Records supplied:
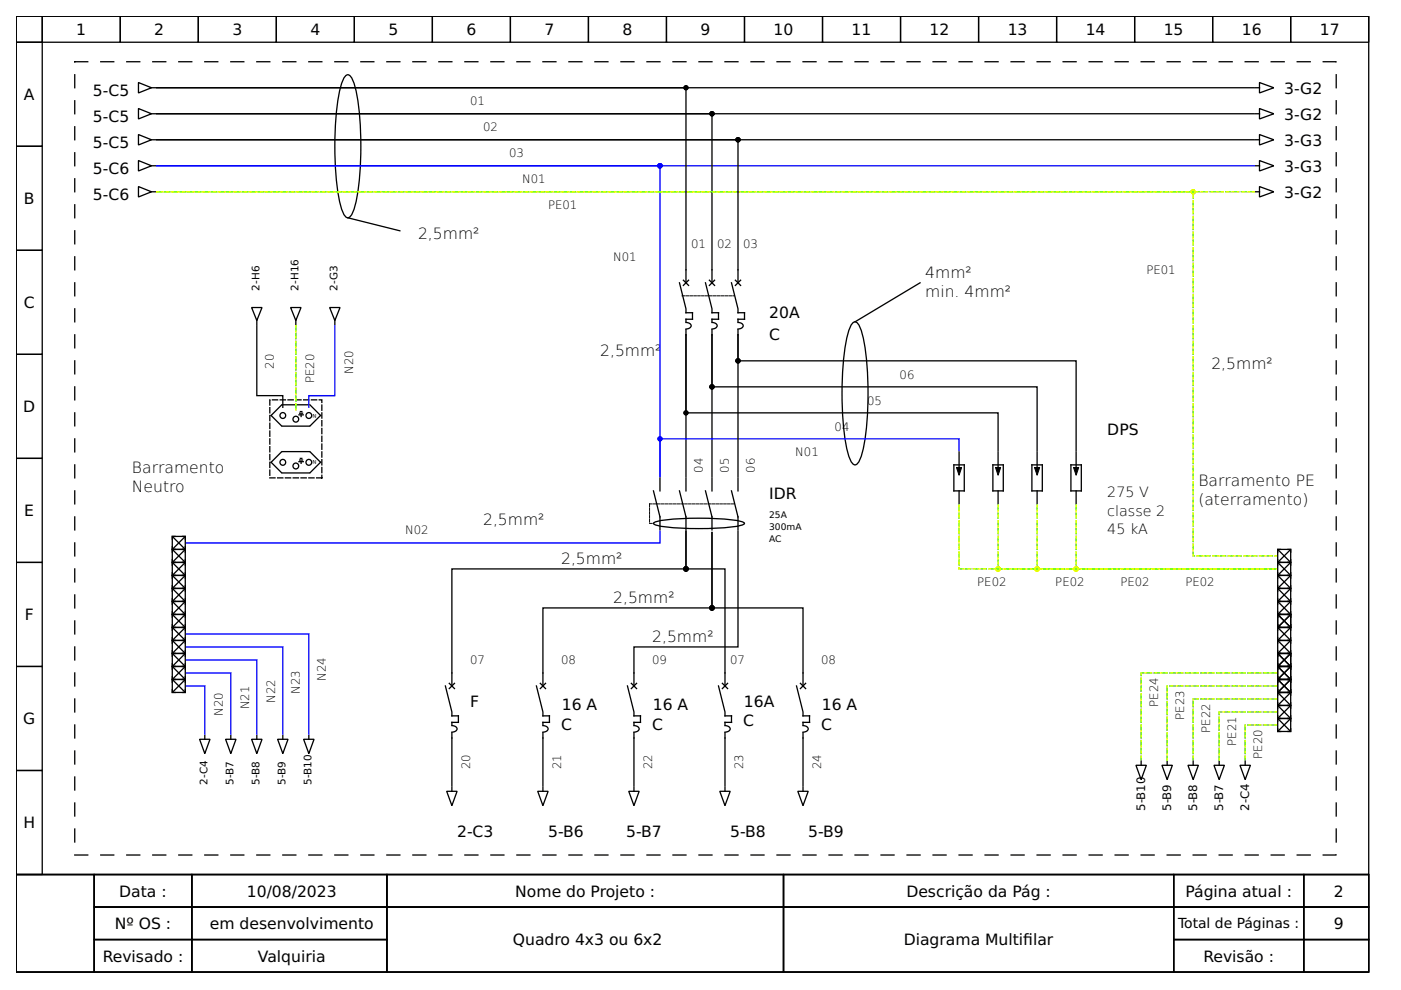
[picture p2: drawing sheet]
<svg xmlns="http://www.w3.org/2000/svg" width="297mm" height="210mm" viewBox="0 0 297 210" stroke-linecap="round" stroke-linejoin="round" font-family="sans-serif">
<g fill="none" stroke="#000" stroke-width=".28">
<path d="M3.4 3.4h286.8v182h-286.8zM3.4 3.4h5.6v5.6h-5.6zM3.4 9h5.6v22h-5.6zM9 3.4h16.5v5.6h-16.5zM25.5 3.4h16.5v5.6h-16.5zM29.4 17.5l2.7 1.1-2.7 1.1zM32.1 18.6h.8M33.2 18.6h232.7M42 3.4h16.6v5.6h-16.6zM58.6 3.4h16.5v5.6h-16.5zM73.4 16l.4-.2a2.16 2.16 0 0 1 1.2 1.8 60.4 60.4 0 0 1 1.2 20.5l-.6 4.3a7.6 7.6 0 0 1-1.5 3.7l-.3 .1a2.16 2.16 0 0 1-1.3-1.8 60.4 60.4 0 0 1-1.2-20.5l.6-4.2a7.6 7.6 0 0 1 1.5-3.7zM75.1 3.4h16.6v5.6h-16.6z"/>
<path d="M91.7 3.4h16.5v5.6h-16.5zM108.2 3.4h16.6v5.6h-16.6zM124.8 3.4h16.5v5.6h-16.5zM141.3 3.4h16.5v5.6h-16.5zM157.8 3.4h16.6v5.6h-16.6zM174.4 3.4h16.5v5.6h-16.5zM190.9 3.4h16.6v5.6h-16.6zM207.5 3.4h16.5v5.6h-16.5zM224 3.4h16.6v5.6h-16.6zM240.6 3.4h16.5v5.6h-16.5zM257.1 3.4h16.6v5.6h-16.6zM266.2 18.6h.8"/>
<path d="M267 17.5l3.1 1.1-3.1 1.1zM273.7 3.4h16.5v5.6h-16.5zM3.4 31h5.6v22.1h-5.6zM29.4 28.5l2.7 1.1-2.7 1.1zM29.4 34l2.7 1.1-2.7 1.2zM29.4 39.6l2.7 1.1-2.7 1.1zM29.4 23l2.7 1.1-2.7 1.1zM32.1 29.6h.8M32.1 24.1h.8M32.1 35.1h.8M33.2 29.6h232.7M33.2 24.1h232.7"/>
<path d="M266.2 29.6h.8M266.2 24.1h.8M266.2 35.1h.8M267 28.5l3.1 1.1-3.1 1.1zM267 23l3.1 1.1-3.1 1.1zM267 39.6l3.1 1.1-3.1 1.1zM267 34l3.1 1.1-3.1 1.2zM3.4 53.1h5.6v22h-5.6zM32.1 40.7h.8M73.8 46.2l11 2.7M144.1 60l1.3 5.5v.8h1.4v1.4h-1.4v.5M144.9 59.4l1.1 1.1"/>
<path d="M145.4 57.2v2.8M146 59.4l-1.1 1.1M149.6 60l1.4 5.5v.8h1.3v1.4h-1.3v.5M150.4 59.4l1.1 1.1M151 57.2v2.8M151.5 59.4l-1.1 1.1M155.1 60l1.4 5.5v.8h1.3v1.4h-1.3v.5M155.9 59.4l1.1 1.1M156.5 57.2v2.8M157 59.4l-1.1 1.1M195.1 60l-13.8 8.2M266.2 40.7h.8"/>
<path d="M3.4 75.1h5.6v22.1h-5.6zM53.3 65.2h2.3l-1.2 2.8zM54.4 69.1v14.8h5.6v2.5M54.4 68v.8M61.6 65.2h2.2l-1.1 2.8zM62.7 68v.8M69.9 65.2h2.2l-1.1 2.8zM71 68v.8M145.4 68.4a.82 .82 0 0 1 1.1 .9l-.6 .4-.5 .1M145.4 69.9v31.1M151 68.4a.82 .82 0 0 1 1 .9l-.6 .4-.4 .1M151 69.9v1.1"/>
<path d="M156.5 68.4a.82 .82 0 0 1 1 .9l-.6 .4-.4 .1M156.5 69.9v1.1M180.9 68.4l.4-.2a2.16 2.16 0 0 1 1.3 1.8 60.4 60.4 0 0 1 1.1 20.5l-.6 4.2a7.6 7.6 0 0 1-1.5 3.7l-.3 .2a2.16 2.16 0 0 1-1.3-1.8 60.4 60.4 0 0 1-1.2-20.5l.7-4.2a7.6 7.6 0 0 1 1.4-3.7zM3.4 97.2h5.6v22h-5.6zM59.7 85.9l-2.2 2.2 2.2 2.2M59.7 95.8l-2.2 2.2 2.2 2.2M59.8 90.4h5.8M59.8 85.8h5.8M59.8 95.8h5.8M63.4 88h.9M63.4 97.9h.9M63.5 87.6h.6"/>
<path d="M63.5 97.5h.6M63.7 87.3h.3M63.7 97.2h.3M63.8 88v.3M63.8 97.9v.3M65.8 95.8l2.2 2.2-2.2 2.2M65.8 85.9l2.2 2.2-2.2 2.2M202.2 98.6h2.2v5.5h-2.2zM203.3 95.8v3.3M210.5 98.6h2.2v5.5h-2.2zM211.6 95.8v3.3M218.8 98.6h2.2v5.5h-2.2z"/>
<path d="M219.9 95.8v3.3M227.1 98.6h2.2v5.5h-2.2zM228.2 95.8v3.3M3.4 119.2h5.6v22.1h-5.6zM36.5 113.7h2.8v2.8h-2.8zM36.5 119.2h2.8v2.8h-2.8zM36.5 116.5h2.8v2.7h-2.8zM36.5 115.9v.6h.6h-.6v.6M36.5 118.7v.5h.6h-.6v.6M36.6 113.8l2.6 2.6M36.6 119.3l2.6 2.6M36.6 116.6l2.6 2.5"/>
<path d="M37.1 113.7h-.6v.6M38.7 113.7h.6v.6M39.2 113.8l-2.6 2.6M39.2 119.3l-2.6 2.6M39.2 116.6l-2.6 2.5M39.3 115.9v.6h-.6h.6v.6M39.3 118.7v.5h-.6h.6v.6M59.8 100.3h5.8M138.5 104.1l1.4 5.5v2.8M138.7 110.8a25.1 25.1 0 0 1 7.9-.9 46.9 46.9 0 0 1 10.8 .7l.4 .4a2.54 2.54 0 0 1-1.8 .6 59.1 59.1 0 0 1-17-.3l-.5-.3zM139.9 101.3v2.8M144.1 104.1l1.3 5.5v2.8"/>
<path d="M145.4 112.6v8h8.3v24.8M145.4 101.3v2.8M149.6 104.1l1.4 5.5v2.8M151 101.3v2.8M155.1 104.1l1.4 5.5v2.8M156.5 101.3v2.8M203.3 104.1v2.7M211.6 104.1v2.7M219.9 104.1v2.7M228.2 104.1v2.7M270.9 116.5h2.8v2.7h-2.8zM270.9 119.2h2.8v2.8h-2.8z"/>
<path d="M270.9 118.7v.5h.6h-.6v.6M271 116.6l2.6 2.5M271 119.3l2.6 2.6M271.5 116.5h-.6v.6M273.1 116.5h.6v.6M273.6 116.6l-2.6 2.5M273.6 119.3l-2.6 2.6M273.7 118.7v.5h-.6h.6v.6M36.5 130.3h2.8v2.7h-2.8zM36.5 135.8h2.8v2.7h-2.8zM36.5 133h2.8v2.8h-2.8zM36.5 138.5h2.8v2.8h-2.8z"/>
<path d="M36.5 127.5h2.8v2.8h-2.8zM36.5 124.8h2.8v2.7h-2.8zM36.5 122h2.8v2.8h-2.8zM36.5 132.4v.6h.6h-.6v.6M36.5 129.7v.6h.6h-.6v.6M36.5 138v.5h.6h-.6v.6M36.5 135.2v.6h.6h-.6v.6M36.5 126.9v.6h.6h-.6v.6M36.5 121.4v.6h.6h-.6v.6M36.5 124.2v.6h.6h-.6v.5M36.6 130.4l2.6 2.5M36.6 135.9l2.6 2.5"/>
<path d="M36.6 133.1l2.6 2.6M36.6 138.6l2.6 2.6M36.6 127.6l2.6 2.6M36.6 124.9l2.6 2.5M36.6 122.1l2.6 2.6M39.2 130.4l-2.6 2.5M39.2 135.9l-2.6 2.5M39.2 133.1l-2.6 2.6M39.2 138.6l-2.6 2.6M39.2 127.6l-2.6 2.6M39.2 124.9l-2.6 2.5M39.2 122.1l-2.6 2.6"/>
<path d="M39.3 129.7v.6h-.6h.6v.6M39.3 132.4v.6h-.6h.6v.6M39.3 135.2v.6h-.6h.6v.6M39.3 138v.5h-.6h.6v.6M39.3 126.9v.6h-.6h.6v.6M39.3 124.2v.6h-.6h.6v.5M39.3 121.4v.6h-.6h.6v.6M270.9 138.5h2.8v2.8h-2.8zM270.9 130.3h2.8v2.7h-2.8zM270.9 133h2.8v2.8h-2.8zM270.9 135.8h2.8v2.7h-2.8zM270.9 124.8h2.8v2.7h-2.8z"/>
<path d="M270.9 127.5h2.8v2.8h-2.8zM270.9 122h2.8v2.8h-2.8zM270.9 138v.5h.6h-.6v.6M270.9 132.4v.6h.6h-.6v.6M270.9 135.2v.6h.6h-.6v.6M270.9 129.7v.6h.6h-.6v.6M270.9 121.4v.6h.6h-.6v.6M270.9 126.9v.6h.6h-.6v.6M270.9 124.2v.6h.6h-.6v.5M271 138.6l2.6 2.6M271 130.4l2.6 2.5M271 133.1l2.6 2.6"/>
<path d="M271 135.9l2.6 2.5M271 124.9l2.6 2.5M271 127.6l2.6 2.6M271 122.1l2.6 2.6M273.6 138.6l-2.6 2.6M273.6 130.4l-2.6 2.5M273.6 133.1l-2.6 2.6M273.6 135.9l-2.6 2.5M273.6 124.9l-2.6 2.5M273.6 127.6l-2.6 2.6M273.6 122.1l-2.6 2.6M273.7 138v.5h-.6h.6v.6"/>
<path d="M273.7 129.7v.6h-.6h.6v.6M273.7 132.4v.6h-.6h.6v.6M273.7 135.2v.6h-.6h.6v.6M273.7 124.2v.6h-.6h.6v.5M273.7 126.9v.6h-.6h.6v.6M273.7 121.4v.6h-.6h.6v.6M3.4 141.3h5.6v22.1h-5.6zM36.5 144.1h2.8v2.7h-2.8zM36.5 141.3h2.8v2.8h-2.8zM36.5 146.2v.6h.6M36.5 143.5v.6h.6h-.6v.5M36.5 140.7v.6h.6h-.6v.6"/>
<path d="M36.6 144.2l2.6 2.5M36.6 141.4l2.6 2.6M39.2 144.2l-2.6 2.5M39.2 141.4l-2.6 2.6M39.3 143.5v.6h-.6h.6v.5M39.3 140.7v.6h-.6h.6v.6M39.3 146.2v.6h-.6M42.3 156.7h2.2l-1.1 3.1zM43.4 155.9v.8M47.8 156.7h2.2l-1.1 3.1zM48.9 155.9v.8M53.3 156.7h2.3l-1.2 3.1z"/>
<path d="M54.4 155.9v.8M58.9 156.7h2.2l-1.1 3.1zM60 155.9v.8M64.4 156.7h2.2l-1.1 3.1zM65.5 155.9v.8M94.4 145.4l1.4 5.6v.8h1.4v1.4h-1.4v.5M95.3 144.9l1.1 1.1M95.8 153.8a.82 .82 0 0 1 1 1l-.6 .4h-.4M95.8 155.4v11.3M95.8 142.7v2.7M96.4 144.9l-1.1 1.1M113.7 145.4l1.4 5.6v.8h1.4v1.4h-1.4v.5"/>
<path d="M114.6 144.9l1.1 1.1M115.1 153.8a.82 .82 0 0 1 1 1l-.6 .4h-.4M115.1 142.7v2.7M115.1 155.4v1.1M115.7 144.9l-1.1 1.1M133 145.4l1.4 5.6v.8h1.4v1.4h-1.4v.5M133.9 144.9l1.1 1.1M134.4 153.8a.82 .82 0 0 1 1 1l-.6 .4h-.4M134.4 142.7v2.7M134.4 155.4v1.1M135 144.9l-1.1 1.1M152.3 145.4l1.4 5.6v.8h1.4v1.4h-1.4v.5"/>
<path d="M153.2 144.9l1.1 1.1M153.7 153.8a.82 .82 0 0 1 1 1l-.6 .4h-.4M153.7 155.4v1.1M154.3 144.9l-1.1 1.1M168.9 145.4l1.4 5.6v.8h1.3v1.4h-1.3v.5M169.7 144.9l1.1 1.1M170.3 153.8a.82 .82 0 0 1 1 1l-.6 .4h-.4M170.3 142.7v2.7M170.3 155.4v1.1M170.8 144.9l-1.1 1.1M270.9 152.3h2.8v2.8h-2.8zM270.9 141.3h2.8v2.8h-2.8z"/>
<path d="M270.9 146.8h2.8v2.8h-2.8zM270.9 149.6h2.8v2.7h-2.8zM270.9 144.1h2.8v2.7h-2.8zM270.9 154.5v.6h.6M270.9 151.7v.6h.6h-.6v.6M270.9 140.7v.6h.6h-.6v.6M270.9 143.5v.6h.6h-.6v.5M270.9 149v.6h.6h-.6v.6M270.9 146.2v.6h.6h-.6v.6M271 152.4l2.6 2.6M271 141.4l2.6 2.6M271 146.9l2.6 2.6"/>
<path d="M271 149.7l2.6 2.5M271 144.2l2.6 2.5M273.6 152.4l-2.6 2.6M273.6 141.4l-2.6 2.6M273.6 146.9l-2.6 2.6M273.6 149.7l-2.6 2.5M273.6 144.2l-2.6 2.5M273.7 151.7v.6h-.6h.6v.6M273.7 154.5v.6h-.6M273.7 140.7v.6h-.6h.6v.6M273.7 146.2v.6h-.6h.6v.6M273.7 149v.6h-.6h.6v.6"/>
<path d="M273.7 143.5v.6h-.6h.6v.5M3.4 163.4h5.6v22h-5.6zM94.7 167.8h2.2l-1.1 3zM95.8 166.9v.9M114 167.8h2.2l-1.1 3zM115.1 166.9v.9M133.3 167.8h2.2l-1.1 3zM134.4 166.9v.9M152.6 167.8h2.2l-1.1 3zM153.7 166.9v.9M169.2 167.8h2.2l-1.1 3zM170.3 166.9v.9"/>
<path d="M240.8 162.3h2.2l-1.1 3zM241.9 161.4v.9M246.4 162.3h2.2l-1.1 3zM247.5 161.4v.9M251.9 162.3h2.2l-1.1 3zM253 161.4v.9M257.4 162.3h2.2l-1.1 3zM258.5 161.4v.9M262.9 162.3h2.2l-1.1 3zM264 161.4v.9M3.4 185.4h286.8v20.7h-286.8zM3.4 185.4h16.6v20.7h-16.6z"/>
<path d="M20 185.4h20.7v6.9h-20.7zM20 192.3h20.7v6.9h-20.7zM20 199.2h20.7v6.9h-20.7zM40.7 185.4h41.3v6.9h-41.3zM40.7 192.3h41.3v6.9h-41.3zM40.7 199.2h41.3v6.9h-41.3zM82 185.4h84.1v6.9h-84.1zM82 192.3h84.1v13.8h-84.1zM166.1 185.4h82.7v6.9h-82.7zM166.1 192.3h82.7v13.8h-82.7zM248.8 185.4h27.6v6.9h-27.6zM248.8 192.3h27.6v6.9h-27.6z"/>
<path d="M248.8 199.2h27.6v6.9h-27.6zM276.4 185.4h13.8v6.9h-13.8zM276.4 192.3h13.8v6.9h-13.8zM276.4 199.2h13.8v6.9h-13.8z"/>
<circle cx="60" cy="88.1" r=".61"/>
<circle cx="60" cy="98" r=".61"/>
<circle cx="62.7" cy="88.9" r=".61"/>
<circle cx="62.7" cy="98.8" r=".61"/>
<circle cx="65.5" cy="98" r=".61"/>
<circle cx="65.5" cy="88.1" r=".61"/>
</g>
<path d="M15.8 13.1h267.5v168.2h-267.5z" fill="none" stroke="#000" stroke-width=".28" stroke-dasharray="2.8 2.8"/>
<path d="M144.6 62.7h11M137.7 106.8h17.9M137.7 106.8v4.2M138.3 111h-.6" fill="none" stroke="#000" stroke-width=".21" stroke-dasharray=".6 .3"/>
<path d="M57.2 84.8h11v16.5h-11z" fill="none" stroke="#000" stroke-width=".28" stroke-dasharray="1.1 .6"/>
<path d="M202.8 99.1h1.1l-.6 1.7zM211.1 99.1h1.1l-.6 1.7zM219.3 99.1h1.1l-.5 1.7zM227.6 99.1h1.1l-.5 1.7z" fill="#000" stroke="#000" stroke-width=".21"/>
<path d="M62.7 69.1v18.2M270.6 148.2h-17.6v13M270.6 142.7h-28.7v18.5M270.6 145.4h-23.1v15.8M270.6 151h-12.1v10.2" fill="none" stroke="#0a0" stroke-width=".28" stroke-dasharray="1.1 .6"/>
<path d="M265.9 40.7h-232.7M62.7 69.1v18.2M211.6 107.1v13.5h59M270.6 148.2h-17.6v13M270.6 142.7h-28.7v18.5M270.6 145.4h-23.1v15.8M270.6 151h-12.1v10.2" fill="none" stroke="#ff0" stroke-width=".28" stroke-dasharray=".3 .8"/>
<path d="M265.9 35.1h-232.7h106.7v65.9M71 69.1v14.8h-5.5v2.5M39.6 137.2h20.4v18.4M39.6 139.9h14.8v15.7M39.6 134.4h25.9v21.2M39.6 142.7h9.3v12.9M39.6 145.4h3.8v10.2" fill="none" stroke="#00f" stroke-width=".28"/>
<circle cx="139.9" cy="35.1" r=".41" fill="#00f" stroke="#00f" stroke-width=".28"/>
<path d="M265.9 40.7h-232.7M211.6 107.1v13.5h59" fill="none" stroke="#5f0" stroke-width=".28" stroke-dasharray="1.1 .6"/>
<circle cx="145.4" cy="120.6" r=".41" fill="#000" stroke="#000" stroke-width=".28"/>
<circle cx="211.6" cy="120.6" r=".41" fill="#5f0" stroke="#ff0" stroke-width=".28"/>
<path d="M203.3 95.5v-2.4h-63.4v7.9M139.9 112.6v2.5h-100.3" fill="none" stroke="#00f" stroke-width=".28"/>
<path d="M33.2 24.1h117.8v33.1M145.4 71v16.5h66.2v8M151 71v30M156.5 71v5.5h71.7v19M151 112.9v16h19.3v13.8M156.5 112.6v24.6h-22.1v5.5M115.1 156.5v10.2M134.4 156.5v10.2M153.7 156.5v10.2M170.3 156.5v10.2" fill="none" stroke="#000" stroke-width=".28"/>
<g fill="#000" stroke="#000" stroke-width=".28">
<circle cx="151" cy="24.1" r=".41"/>
<circle cx="156.5" cy="76.5" r=".41"/>
<circle cx="145.4" cy="87.5" r=".41"/>
<circle cx="151" cy="128.9" r=".41"/>
</g>
<circle cx="139.9" cy="93.1" r=".41" fill="#00f" stroke="#00f" stroke-width=".28"/>
<path d="M203.3 107.1v13.5h67.3M219.9 107.1v13.5h50.7" fill="none" stroke="#5f0" stroke-width=".28" stroke-dasharray="1.1 .6"/>
<path d="M203.3 107.1v13.5h67.3M219.9 107.1v13.5h50.7" fill="none" stroke="#ff0" stroke-width=".28" stroke-dasharray=".3 .8"/>
<circle cx="219.9" cy="120.6" r=".41" fill="#5f0" stroke="#ff0" stroke-width=".28"/>
<path d="M33.2 40.7h219.8v77.2h17.6" fill="none" stroke="#5f0" stroke-width=".28" stroke-dasharray="1.1 .6"/>
<path d="M33.2 40.7h219.8v77.2h17.6" fill="none" stroke="#ff0" stroke-width=".28" stroke-dasharray=".3 .8"/>
<circle cx="253" cy="40.7" r=".41" fill="#5f0" stroke="#ff0" stroke-width=".28"/>
<path d="M145.4 112.6v8h-49.6v22.1" fill="none" stroke="#000" stroke-width=".28"/>
<circle cx="145.4" cy="120.6" r=".41" fill="#000" stroke="#000" stroke-width=".28"/>
<path d="M228.2 107.1v13.5h42.4" fill="none" stroke="#5f0" stroke-width=".28" stroke-dasharray="1.1 .6"/>
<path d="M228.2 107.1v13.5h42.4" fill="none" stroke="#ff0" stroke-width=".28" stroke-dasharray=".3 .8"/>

Task item:
What are the lines, exactly as written above, from the line with "62.7h11M137.7 106.8h17.9M137.7 106.8v4.2M138.3" to the line with "99.1h1.1l-.6 1.7zM211.1 99.1h1.1l-.6", both included? Output only those.

Answer box:
<path d="M144.6 62.7h11M137.7 106.8h17.9M137.7 106.8v4.2M138.3 111h-.6" fill="none" stroke="#000" stroke-width=".21" stroke-dasharray=".6 .3"/>
<path d="M57.2 84.8h11v16.5h-11z" fill="none" stroke="#000" stroke-width=".28" stroke-dasharray="1.1 .6"/>
<path d="M202.8 99.1h1.1l-.6 1.7zM211.1 99.1h1.1l-.6 1.7zM219.3 99.1h1.1l-.5 1.7zM227.6 99.1h1.1l-.5 1.7z" fill="#000" stroke="#000" stroke-width=".21"/>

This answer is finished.